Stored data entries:
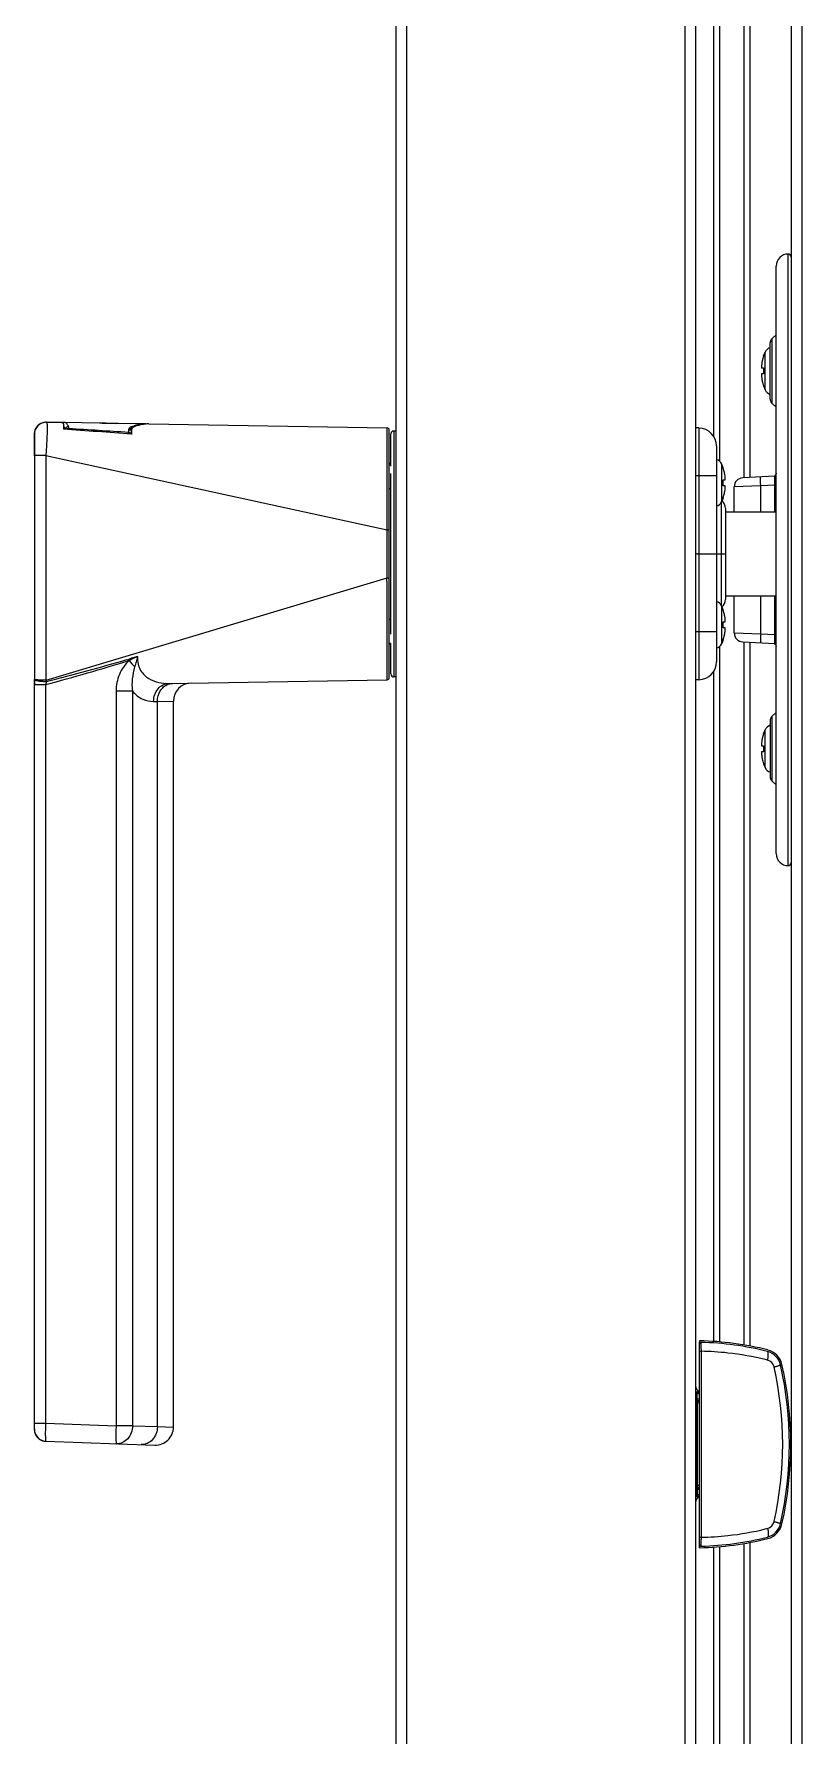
# Model space of a CAD drawing. Header units: millimetres. Extents: x -1686 to 4120, y -1850 to 2563.
# Drawn here: x -1685.5 to -1557.5, y 122.5 to 406.3 of the extents above; entities that cross this region are included whole.
import ezdxf

# ---------------------------------------------------------------- set-up
doc = ezdxf.new("R2010")
doc.units = ezdxf.units.MM
doc.header["$LTSCALE"] = 65.395
doc.layers.get('0').update_dxf_attribs({"linetype": 'CONTINUOUS'})
for name, color, linetype in [('02___PRT_ALL_AXES', 7, 'CONTINUOUS'), ('ASSI', 7, 'CONTINUOUS'), ('GEOM', 7, 'CONTINUOUS')]:
    doc.layers.add(name, color=color, linetype=linetype)

msp = doc.modelspace()

# ---------------------------------------------------------------- linework, layer by layer
at = {"linetype": 'Continuous'}
for p, q in [((-1625.21, 673.13), (-1625.21, -33.87)), ((-1623.41, 673.13), (-1623.41, -33.87)), ((-1577.01, 673.13), (-1577.01, -33.87)), ((-1575.21, 673.13), (-1575.21, -33.87)), ((-1559.26, 672.93), (-1559.26, -49.87)), ((-1557.46, 672.93), (-1557.46, -126.57)), ((-1563.87, 352.64), (-1563.62, 353.26)), ((-1563.87, 352.63), (-1563.85, 352.63)), ((-1563.62, 347), (-1563.62, 353.26)), ((-1564.2, 350.63), (-1563.85, 350.63)), ((-1563.85, 349.63), (-1564.2, 349.63)), ((-1563.87, 347.63), (-1563.62, 347)), ((-1563.85, 347.63), (-1563.87, 347.63)), ((-1683.45, 341.58), (-1680.93, 341.54)), ((-1680.65, 341.34), (-1680.64, 340.45)), ((-1677.52, 341.48), (-1680.41, 341.53)), ((-1666.4, 341.3), (-1626.65, 340.64)), ((-1626.31, 298.98), (-1626.31, 340.29)), ((-1626.01, 334.27), (-1626.01, 339.65)), ((-1625.5, 299.11), (-1625.5, 340.15)), ((-1625.5, 340.15), (-1625.21, 340.15)), ((-1626.64, 332.62), (-1626.64, 333.15)), ((-1626.01, 306.21), (-1626.01, 333.05)), ((-1570.85, 328.35), (-1570.85, 334.6)), ((-1570.6, 333.98), (-1570.85, 334.6)), ((-1570.61, 333.97), (-1570.6, 333.97)), ((-1570.61, 331.97), (-1570.27, 331.97)), ((-1570.27, 330.97), (-1570.61, 330.97)), ((-1570.6, 328.97), (-1570.85, 328.35)), ((-1570.6, 328.97), (-1570.61, 328.97)), ((-1570.21, 326.63), (-1561.76, 326.63)), ((-1626.67, 315.62), (-1626.67, 323.64)), ((-1626.67, 323.64), (-1626.31, 323.64)), ((-1574.96, 319.63), (-1574.67, 319.63)), ((-1626.67, 315.62), (-1626.31, 315.62)), ((-1570.21, 312.63), (-1561.76, 312.63)), ((-1570.85, 304.66), (-1570.85, 310.91)), ((-1570.6, 310.29), (-1570.85, 310.91)), ((-1570.61, 310.29), (-1570.6, 310.29)), ((-1626.63, 306.11), (-1626.63, 306.64)), ((-1570.61, 308.29), (-1570.27, 308.29)), ((-1570.27, 307.29), (-1570.61, 307.29)), ((-1626.01, 299.61), (-1626.01, 304.73)), ((-1570.6, 305.28), (-1570.85, 304.66)), ((-1570.6, 305.29), (-1570.61, 305.29)), ((-1663.05, 298.02), (-1626.65, 298.63)), ((-1625.21, 299.12), (-1625.5, 299.11)), ((-1662.29, 173.99), (-1662.29, 295.08)), ((-1563.87, 289.64), (-1563.62, 290.26)), ((-1563.87, 289.63), (-1563.85, 289.63)), ((-1563.62, 284), (-1563.62, 290.26)), ((-1564.2, 287.63), (-1563.85, 287.63)), ((-1563.85, 286.63), (-1564.2, 286.63)), ((-1563.87, 284.63), (-1563.62, 284)), ((-1563.85, 284.63), (-1563.87, 284.63))]:
    msp.add_line(p, q, dxfattribs=at)
for centre, radius, start, end in [((-1557.21, 350.31), 7.04, 165.9949, 166.9837), ((-1557.22, 350.31), 7.03, 165.4204, 165.9948), ((-1557.22, 350.32), 7.02, 164.1688, 165.4204), ((-1557.23, 350.32), 7.02, 163.8631, 164.1686), ((-1557.23, 350.32), 7.01, 162.3057, 163.8632), ((-1557.24, 350.32), 7.01, 160.741, 162.3056), ((-1562.25, 352.63), 1.5, 109.7942, 155.2801), ((-1557.05, 350.29), 7.19, 171.704, 173.2535), ((-1560.02, 350.88), 4.18, 176.6155, 177.6501), ((-1559.98, 350.88), 4.22, 177.649, 178.0509), ((-1559.96, 350.88), 4.24, 178.0511, 178.637), ((-1559.94, 350.88), 4.26, 178.6368, 179.1074), ((-1559.93, 350.88), 4.27, 179.1075, 179.5941), ((-1559.92, 350.88), 4.28, 179.594, 180.103), ((-1559.93, 350.88), 4.28, 180.103, 180.5368), ((-1559.93, 350.88), 4.27, 180.5366, 181.0914), ((-1559.95, 350.88), 4.26, 181.0915, 181.4776), ((-1559.97, 350.88), 4.24, 181.4773, 182.1159), ((-1559.99, 350.88), 4.21, 182.1162, 182.425), ((-1560.03, 350.88), 4.18, 182.424, 183.3847), ((-1560.03, 349.38), 4.18, 176.6153, 177.576), ((-1559.99, 349.38), 4.21, 177.575, 177.8838), ((-1559.97, 349.38), 4.24, 177.8841, 178.5227), ((-1559.95, 349.38), 4.26, 178.5224, 178.9085), ((-1559.93, 349.38), 4.27, 178.9086, 179.4634), ((-1559.92, 349.38), 4.28, 179.4632, 180.406), ((-1559.93, 349.38), 4.27, 180.4059, 180.8925), ((-1559.94, 349.38), 4.26, 180.8925, 181.3633), ((-1559.96, 349.38), 4.24, 181.3631, 181.9489), ((-1559.98, 349.38), 4.22, 181.9491, 182.351), ((-1560.02, 349.38), 4.18, 182.3499, 183.3845), ((-1557.05, 349.98), 7.19, 186.7465, 188.296), ((-1557.11, 350.29), 7.14, 171.1489, 171.7024), ((-1557.14, 350.3), 7.11, 170.1332, 171.1492), ((-1557.16, 350.3), 7.09, 169.4126, 170.1329), ((-1557.18, 350.31), 7.07, 168.5567, 169.4127), ((-1557.19, 350.31), 7.05, 167.7185, 168.5566), ((-1557.2, 350.31), 7.04, 166.9837, 167.7185), ((-1556.69, 350.13), 7.17, 176.0052, 180.0013), ((-1556.69, 350.13), 7.17, 179.9987, 183.9948), ((-1557.11, 349.97), 7.14, 188.2976, 188.8511), ((-1557.14, 349.96), 7.11, 188.8508, 189.8668), ((-1557.16, 349.96), 7.09, 189.8671, 190.5874), ((-1557.18, 349.96), 7.07, 190.5873, 191.4433), ((-1557.19, 349.95), 7.05, 191.4434, 192.2815), ((-1557.2, 349.95), 7.04, 192.2815, 193.0163), ((-1557.21, 349.95), 7.04, 193.0163, 194.0051), ((-1557.22, 349.95), 7.03, 194.0052, 194.5796), ((-1557.22, 349.95), 7.02, 194.5796, 195.8312), ((-1557.23, 349.94), 7.02, 195.8314, 196.1369), ((-1557.23, 349.94), 7.01, 196.1368, 197.6943), ((-1557.24, 349.94), 7.01, 197.6944, 199.259), ((-1562.25, 347.63), 1.5, 204.7199, 250.2058), ((-1626.66, 340.29), 0.35, 0.0051, 89.0452), ((-2006.94, -3934.82), 4287.7, 85.48322, 85.63542), ((-1625.51, 339.65), 0.5, 89.5, 180), ((-1572.21, 333.97), 1.5, 24.7199, 70.2058), ((-1577.23, 331.66), 7.01, 17.6944, 19.259), ((-1577.23, 331.66), 7.01, 16.1368, 17.6943), ((-1577.24, 331.66), 7.02, 15.8314, 16.1369), ((-1577.24, 331.66), 7.02, 14.5796, 15.8312), ((-1577.25, 331.66), 7.03, 14.0052, 14.5796), ((-1577.26, 331.66), 7.04, 13.0163, 14.0051), ((-1577.26, 331.65), 7.04, 12.2815, 13.0163), ((-1577.27, 331.65), 7.05, 11.4434, 12.2815), ((-1577.29, 331.65), 7.07, 10.5873, 11.4433), ((-1577.3, 331.65), 7.09, 9.8671, 10.5874), ((-1577.33, 331.64), 7.11, 8.8508, 9.8668), ((-1577.35, 331.64), 7.14, 8.2976, 8.8511), ((-1577.41, 331.63), 7.19, 6.7465, 8.296), ((-1574.44, 332.23), 4.18, 2.3499, 3.3845), ((-1574.48, 332.23), 4.22, 1.9491, 2.351), ((-1574.5, 332.23), 4.24, 1.3631, 1.9489), ((-1574.52, 332.23), 4.26, 0.8925, 1.3633), ((-1574.54, 332.22), 4.27, 0.4059, 0.8925), ((-1574.54, 332.22), 4.28, 359.4632, 0.406), ((-1574.53, 332.22), 4.27, 358.9086, 359.4634), ((-1574.52, 332.22), 4.26, 358.5224, 358.9085), ((-1574.5, 332.22), 4.24, 357.8841, 358.5227), ((-1577.77, 331.47), 7.17, 359.9987, 3.9948), ((-1577.77, 331.47), 7.17, 356.0052, 0.0013), ((-1577.23, 331.29), 7.01, 342.3057, 343.8632), ((-1577.24, 331.29), 7.02, 343.8631, 344.1686), ((-1577.24, 331.29), 7.02, 344.1688, 345.4204), ((-1577.25, 331.29), 7.03, 345.4204, 345.9948), ((-1577.26, 331.29), 7.04, 345.9949, 346.9837), ((-1577.26, 331.3), 7.04, 346.9837, 347.7185), ((-1577.27, 331.3), 7.05, 347.7185, 348.5566), ((-1577.29, 331.3), 7.07, 348.5567, 349.4127), ((-1577.3, 331.3), 7.09, 349.4126, 350.1329), ((-1577.33, 331.31), 7.11, 350.1332, 351.1492), ((-1577.35, 331.31), 7.14, 351.1489, 351.7024), ((-1577.41, 331.32), 7.19, 351.704, 353.2535), ((-1574.44, 332.22), 4.18, 356.6153, 357.576), ((-1574.44, 330.73), 4.18, 2.424, 3.3847), ((-1574.44, 330.72), 4.18, 356.6155, 357.6501), ((-1574.48, 332.22), 4.21, 357.575, 357.8838), ((-1574.48, 330.73), 4.21, 2.1162, 2.425), ((-1574.5, 330.73), 4.24, 1.4773, 2.1159), ((-1574.52, 330.73), 4.26, 1.0915, 1.4776), ((-1574.53, 330.72), 4.27, 0.5366, 1.0914), ((-1574.54, 330.72), 4.28, 0.103, 0.5368), ((-1574.54, 330.72), 4.28, 359.594, 0.103), ((-1574.53, 330.72), 4.27, 359.1075, 359.5941), ((-1574.52, 330.72), 4.26, 358.6368, 359.1074), ((-1574.5, 330.72), 4.24, 358.0511, 358.637), ((-1574.48, 330.72), 4.22, 357.649, 358.0509), ((-1572.21, 328.97), 1.5, 289.7942, 335.2801), ((-1577.23, 331.29), 7.01, 340.741, 342.3056), ((-1574.96, 319.88), 0.25, 180, 270), ((-1574.96, 319.38), 0.25, 90, 180), ((-5164.78, 294.76), 3538.17, 0.19225, 0.33769), ((-1572.21, 310.29), 1.5, 24.7199, 70.2058), ((-1577.23, 307.98), 7.01, 17.6944, 19.259), ((-1577.23, 307.97), 7.01, 16.1368, 17.6943), ((-1577.24, 307.97), 7.02, 15.8314, 16.1369), ((-1577.24, 307.97), 7.02, 14.5796, 15.8312), ((-1577.25, 307.97), 7.03, 14.0052, 14.5796), ((-1577.26, 307.97), 7.04, 13.0163, 14.0051), ((-1577.26, 307.97), 7.04, 12.2815, 13.0163), ((-1577.27, 307.96), 7.05, 11.4434, 12.2815), ((-1577.77, 307.79), 7.17, 359.9987, 3.9948), ((-1577.77, 307.79), 7.17, 356.0052, 0.0013), ((-1577.29, 307.96), 7.07, 10.5873, 11.4433), ((-1577.3, 307.96), 7.09, 9.8671, 10.5874), ((-1577.33, 307.95), 7.11, 8.8508, 9.8668), ((-1577.35, 307.95), 7.14, 8.2976, 8.8511), ((-1577.35, 307.62), 7.14, 351.1489, 351.7024), ((-1577.41, 307.94), 7.19, 6.7465, 8.296), ((-1577.41, 307.63), 7.19, 351.704, 353.2535), ((-1574.44, 308.54), 4.18, 2.3499, 3.3845), ((-1574.44, 308.53), 4.18, 356.6153, 357.576), ((-1574.44, 307.04), 4.18, 2.424, 3.3847), ((-1574.44, 307.03), 4.18, 356.6155, 357.6501), ((-1574.48, 308.54), 4.22, 1.9491, 2.351), ((-1574.5, 308.54), 4.24, 1.3631, 1.9489), ((-1574.52, 308.54), 4.26, 0.8925, 1.3633), ((-1574.54, 308.54), 4.27, 0.4059, 0.8925), ((-1574.54, 308.54), 4.28, 359.4632, 0.406), ((-1574.53, 308.54), 4.27, 358.9086, 359.4634), ((-1574.52, 308.54), 4.26, 358.5224, 358.9085), ((-1574.5, 308.54), 4.24, 357.8841, 358.5227), ((-1574.48, 308.54), 4.21, 357.575, 357.8838), ((-1574.48, 307.04), 4.21, 2.1162, 2.425), ((-1574.5, 307.04), 4.24, 1.4773, 2.1159), ((-1574.52, 307.04), 4.26, 1.0915, 1.4776), ((-1574.53, 307.04), 4.27, 0.5366, 1.0914), ((-1574.54, 307.04), 4.28, 0.103, 0.5368), ((-1574.54, 307.04), 4.28, 359.594, 0.103), ((-1574.53, 307.04), 4.27, 359.1075, 359.5941), ((-1574.52, 307.04), 4.26, 358.6368, 359.1074), ((-1574.5, 307.04), 4.24, 358.0511, 358.637), ((-1574.48, 307.04), 4.22, 357.649, 358.0509), ((-1572.21, 305.29), 1.5, 289.7942, 335.2801), ((-1577.23, 307.6), 7.01, 340.741, 342.3056), ((-1577.23, 307.6), 7.01, 342.3057, 343.8632), ((-1577.24, 307.6), 7.02, 343.8631, 344.1686), ((-1577.24, 307.6), 7.02, 344.1688, 345.4204), ((-1577.25, 307.6), 7.03, 345.4204, 345.9948), ((-1577.26, 307.61), 7.04, 345.9949, 346.9837), ((-1577.26, 307.61), 7.04, 346.9837, 347.7185), ((-1577.27, 307.61), 7.05, 347.7185, 348.5566), ((-1577.29, 307.61), 7.07, 348.5567, 349.4127), ((-1577.3, 307.62), 7.09, 349.4126, 350.1329), ((-1577.33, 307.62), 7.11, 350.1332, 351.1492), ((-1626.66, 298.98), 0.35, 270.9547, 359.9928), ((-1625.51, 299.61), 0.5, 180, 270.5), ((-1557.24, 287.32), 7.01, 160.741, 162.3056), ((-1562.25, 289.63), 1.5, 109.7942, 155.2801), ((-1557.05, 287.29), 7.19, 171.704, 173.2535), ((-1560.02, 287.88), 4.18, 176.6155, 177.6501), ((-1559.98, 287.88), 4.22, 177.649, 178.0509), ((-1559.96, 287.88), 4.24, 178.0511, 178.637), ((-1559.94, 287.88), 4.26, 178.6368, 179.1074), ((-1559.93, 287.88), 4.27, 179.1075, 179.5941), ((-1559.92, 287.88), 4.28, 179.594, 180.103), ((-1559.93, 287.88), 4.28, 180.103, 180.5368), ((-1559.93, 287.88), 4.27, 180.5366, 181.0914), ((-1559.95, 287.88), 4.26, 181.0915, 181.4776), ((-1559.97, 287.88), 4.24, 181.4773, 182.1159), ((-1559.99, 287.88), 4.21, 182.1162, 182.425), ((-1560.03, 287.88), 4.18, 182.424, 183.3847), ((-1557.11, 287.29), 7.14, 171.1489, 171.7024), ((-1557.14, 287.3), 7.11, 170.1332, 171.1492), ((-1557.16, 287.3), 7.09, 169.4126, 170.1329), ((-1557.18, 287.31), 7.07, 168.5567, 169.4127), ((-1557.19, 287.31), 7.05, 167.7185, 168.5566), ((-1557.2, 287.31), 7.04, 166.9837, 167.7185), ((-1557.21, 287.31), 7.04, 165.9949, 166.9837), ((-1557.22, 287.31), 7.03, 165.4204, 165.9948), ((-1557.22, 287.32), 7.02, 164.1688, 165.4204), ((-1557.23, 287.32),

**What is being asked**
Write down exactly the span of lines above from the one containing "# Drawn here: x" to the one containing "layer by layer", both ends included.

**Solution to this task**
# Drawn here: x -1685.5 to -1557.5, y 122.5 to 406.3 of the extents above; entities that cross this region are included whole.
import ezdxf

# ---------------------------------------------------------------- set-up
doc = ezdxf.new("R2010")
doc.units = ezdxf.units.MM
doc.header["$LTSCALE"] = 65.395
doc.layers.get('0').update_dxf_attribs({"linetype": 'CONTINUOUS'})
for name, color, linetype in [('02___PRT_ALL_AXES', 7, 'CONTINUOUS'), ('ASSI', 7, 'CONTINUOUS'), ('GEOM', 7, 'CONTINUOUS')]:
    doc.layers.add(name, color=color, linetype=linetype)

msp = doc.modelspace()

# ---------------------------------------------------------------- linework, layer by layer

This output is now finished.